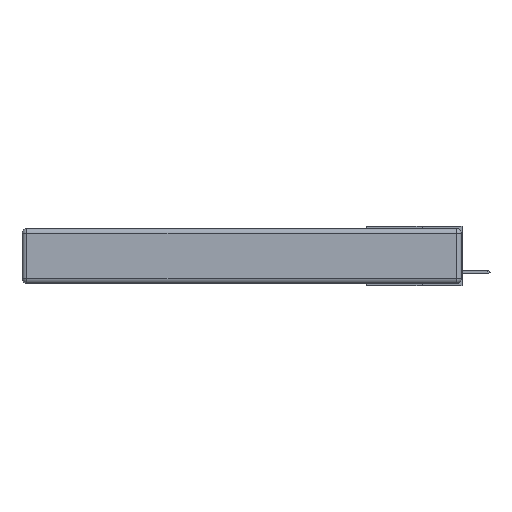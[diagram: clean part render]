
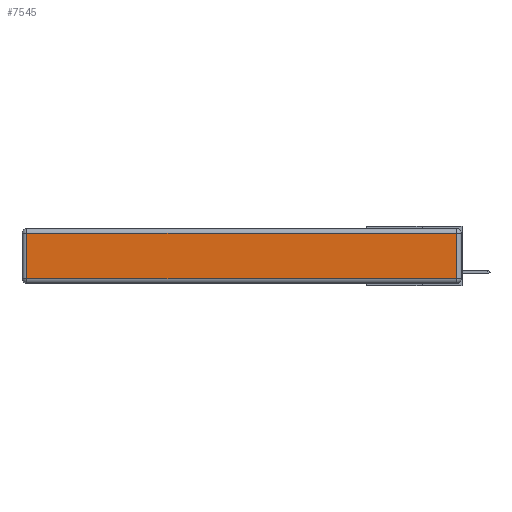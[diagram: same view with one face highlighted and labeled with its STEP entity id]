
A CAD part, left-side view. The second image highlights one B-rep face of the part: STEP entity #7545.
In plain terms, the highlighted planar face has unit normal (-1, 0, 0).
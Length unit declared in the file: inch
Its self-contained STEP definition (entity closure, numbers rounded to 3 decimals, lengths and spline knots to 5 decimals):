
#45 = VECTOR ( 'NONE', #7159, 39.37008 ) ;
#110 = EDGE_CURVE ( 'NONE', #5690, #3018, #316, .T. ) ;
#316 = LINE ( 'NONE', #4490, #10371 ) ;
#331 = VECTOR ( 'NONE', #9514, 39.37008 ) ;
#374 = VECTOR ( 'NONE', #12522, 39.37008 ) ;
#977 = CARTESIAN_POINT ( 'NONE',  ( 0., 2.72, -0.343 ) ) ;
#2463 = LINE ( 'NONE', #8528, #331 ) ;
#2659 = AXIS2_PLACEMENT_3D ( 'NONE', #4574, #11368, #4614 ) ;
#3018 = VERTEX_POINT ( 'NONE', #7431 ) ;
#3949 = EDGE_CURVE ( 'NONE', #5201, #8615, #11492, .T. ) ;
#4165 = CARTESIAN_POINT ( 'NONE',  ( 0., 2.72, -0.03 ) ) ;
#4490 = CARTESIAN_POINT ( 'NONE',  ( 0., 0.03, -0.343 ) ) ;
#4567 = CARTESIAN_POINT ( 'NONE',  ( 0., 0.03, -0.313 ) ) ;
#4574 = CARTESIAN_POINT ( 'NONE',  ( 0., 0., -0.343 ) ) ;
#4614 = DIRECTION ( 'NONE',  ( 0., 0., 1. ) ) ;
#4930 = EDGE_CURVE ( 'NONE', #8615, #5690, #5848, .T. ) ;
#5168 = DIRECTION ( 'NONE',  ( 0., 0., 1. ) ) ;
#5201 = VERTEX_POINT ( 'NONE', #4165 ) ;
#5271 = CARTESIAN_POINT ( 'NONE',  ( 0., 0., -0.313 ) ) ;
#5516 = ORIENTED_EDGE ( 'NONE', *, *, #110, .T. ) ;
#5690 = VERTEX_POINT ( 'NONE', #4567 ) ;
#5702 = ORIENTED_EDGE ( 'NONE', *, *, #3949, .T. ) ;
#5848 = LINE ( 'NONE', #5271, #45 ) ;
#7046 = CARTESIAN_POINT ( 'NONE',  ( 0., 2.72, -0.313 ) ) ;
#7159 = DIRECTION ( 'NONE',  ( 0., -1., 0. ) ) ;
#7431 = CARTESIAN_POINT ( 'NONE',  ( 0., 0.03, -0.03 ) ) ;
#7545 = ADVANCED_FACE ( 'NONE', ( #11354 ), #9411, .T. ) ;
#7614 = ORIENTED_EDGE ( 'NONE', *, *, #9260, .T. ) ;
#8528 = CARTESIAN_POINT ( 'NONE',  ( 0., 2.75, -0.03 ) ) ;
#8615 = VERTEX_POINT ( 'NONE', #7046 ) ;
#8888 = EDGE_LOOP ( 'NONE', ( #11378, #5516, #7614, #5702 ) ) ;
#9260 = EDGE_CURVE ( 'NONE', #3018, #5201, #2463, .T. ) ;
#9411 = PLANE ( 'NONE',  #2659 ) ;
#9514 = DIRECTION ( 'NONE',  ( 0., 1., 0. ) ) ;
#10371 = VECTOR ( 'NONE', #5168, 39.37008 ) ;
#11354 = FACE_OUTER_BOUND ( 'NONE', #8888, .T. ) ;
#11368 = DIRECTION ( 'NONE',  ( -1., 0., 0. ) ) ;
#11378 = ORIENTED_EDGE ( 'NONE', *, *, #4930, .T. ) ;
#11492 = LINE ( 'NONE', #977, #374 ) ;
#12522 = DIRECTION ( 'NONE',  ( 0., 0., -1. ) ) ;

**INSTRUCTIONS FOR THE TASK**
Your answer must be the records above, word for word, with no pictures.

**ANSWER**
[diagram: clean part render]
[diagram: same view with one face highlighted and labeled with its STEP entity id]
A CAD part, left-side view. The second image highlights one B-rep face of the part: STEP entity #7545.
In plain terms, the highlighted planar face has unit normal (-1, 0, 0).
Length unit declared in the file: inch
Its self-contained STEP definition (entity closure, numbers rounded to 3 decimals, lengths and spline knots to 5 decimals):
#45 = VECTOR ( 'NONE', #7159, 39.37008 ) ;
#110 = EDGE_CURVE ( 'NONE', #5690, #3018, #316, .T. ) ;
#316 = LINE ( 'NONE', #4490, #10371 ) ;
#331 = VECTOR ( 'NONE', #9514, 39.37008 ) ;
#374 = VECTOR ( 'NONE', #12522, 39.37008 ) ;
#977 = CARTESIAN_POINT ( 'NONE',  ( 0., 2.72, -0.343 ) ) ;
#2463 = LINE ( 'NONE', #8528, #331 ) ;
#2659 = AXIS2_PLACEMENT_3D ( 'NONE', #4574, #11368, #4614 ) ;
#3018 = VERTEX_POINT ( 'NONE', #7431 ) ;
#3949 = EDGE_CURVE ( 'NONE', #5201, #8615, #11492, .T. ) ;
#4165 = CARTESIAN_POINT ( 'NONE',  ( 0., 2.72, -0.03 ) ) ;
#4490 = CARTESIAN_POINT ( 'NONE',  ( 0., 0.03, -0.343 ) ) ;
#4567 = CARTESIAN_POINT ( 'NONE',  ( 0., 0.03, -0.313 ) ) ;
#4574 = CARTESIAN_POINT ( 'NONE',  ( 0., 0., -0.343 ) ) ;
#4614 = DIRECTION ( 'NONE',  ( 0., 0., 1. ) ) ;
#4930 = EDGE_CURVE ( 'NONE', #8615, #5690, #5848, .T. ) ;
#5168 = DIRECTION ( 'NONE',  ( 0., 0., 1. ) ) ;
#5201 = VERTEX_POINT ( 'NONE', #4165 ) ;
#5271 = CARTESIAN_POINT ( 'NONE',  ( 0., 0., -0.313 ) ) ;
#5516 = ORIENTED_EDGE ( 'NONE', *, *, #110, .T. ) ;
#5690 = VERTEX_POINT ( 'NONE', #4567 ) ;
#5702 = ORIENTED_EDGE ( 'NONE', *, *, #3949, .T. ) ;
#5848 = LINE ( 'NONE', #5271, #45 ) ;
#7046 = CARTESIAN_POINT ( 'NONE',  ( 0., 2.72, -0.313 ) ) ;
#7159 = DIRECTION ( 'NONE',  ( 0., -1., 0. ) ) ;
#7431 = CARTESIAN_POINT ( 'NONE',  ( 0., 0.03, -0.03 ) ) ;
#7545 = ADVANCED_FACE ( 'NONE', ( #11354 ), #9411, .T. ) ;
#7614 = ORIENTED_EDGE ( 'NONE', *, *, #9260, .T. ) ;
#8528 = CARTESIAN_POINT ( 'NONE',  ( 0., 2.75, -0.03 ) ) ;
#8615 = VERTEX_POINT ( 'NONE', #7046 ) ;
#8888 = EDGE_LOOP ( 'NONE', ( #11378, #5516, #7614, #5702 ) ) ;
#9260 = EDGE_CURVE ( 'NONE', #3018, #5201, #2463, .T. ) ;
#9411 = PLANE ( 'NONE',  #2659 ) ;
#9514 = DIRECTION ( 'NONE',  ( 0., 1., 0. ) ) ;
#10371 = VECTOR ( 'NONE', #5168, 39.37008 ) ;
#11354 = FACE_OUTER_BOUND ( 'NONE', #8888, .T. ) ;
#11368 = DIRECTION ( 'NONE',  ( -1., 0., 0. ) ) ;
#11378 = ORIENTED_EDGE ( 'NONE', *, *, #4930, .T. ) ;
#11492 = LINE ( 'NONE', #977, #374 ) ;
#12522 = DIRECTION ( 'NONE',  ( 0., 0., -1. ) ) ;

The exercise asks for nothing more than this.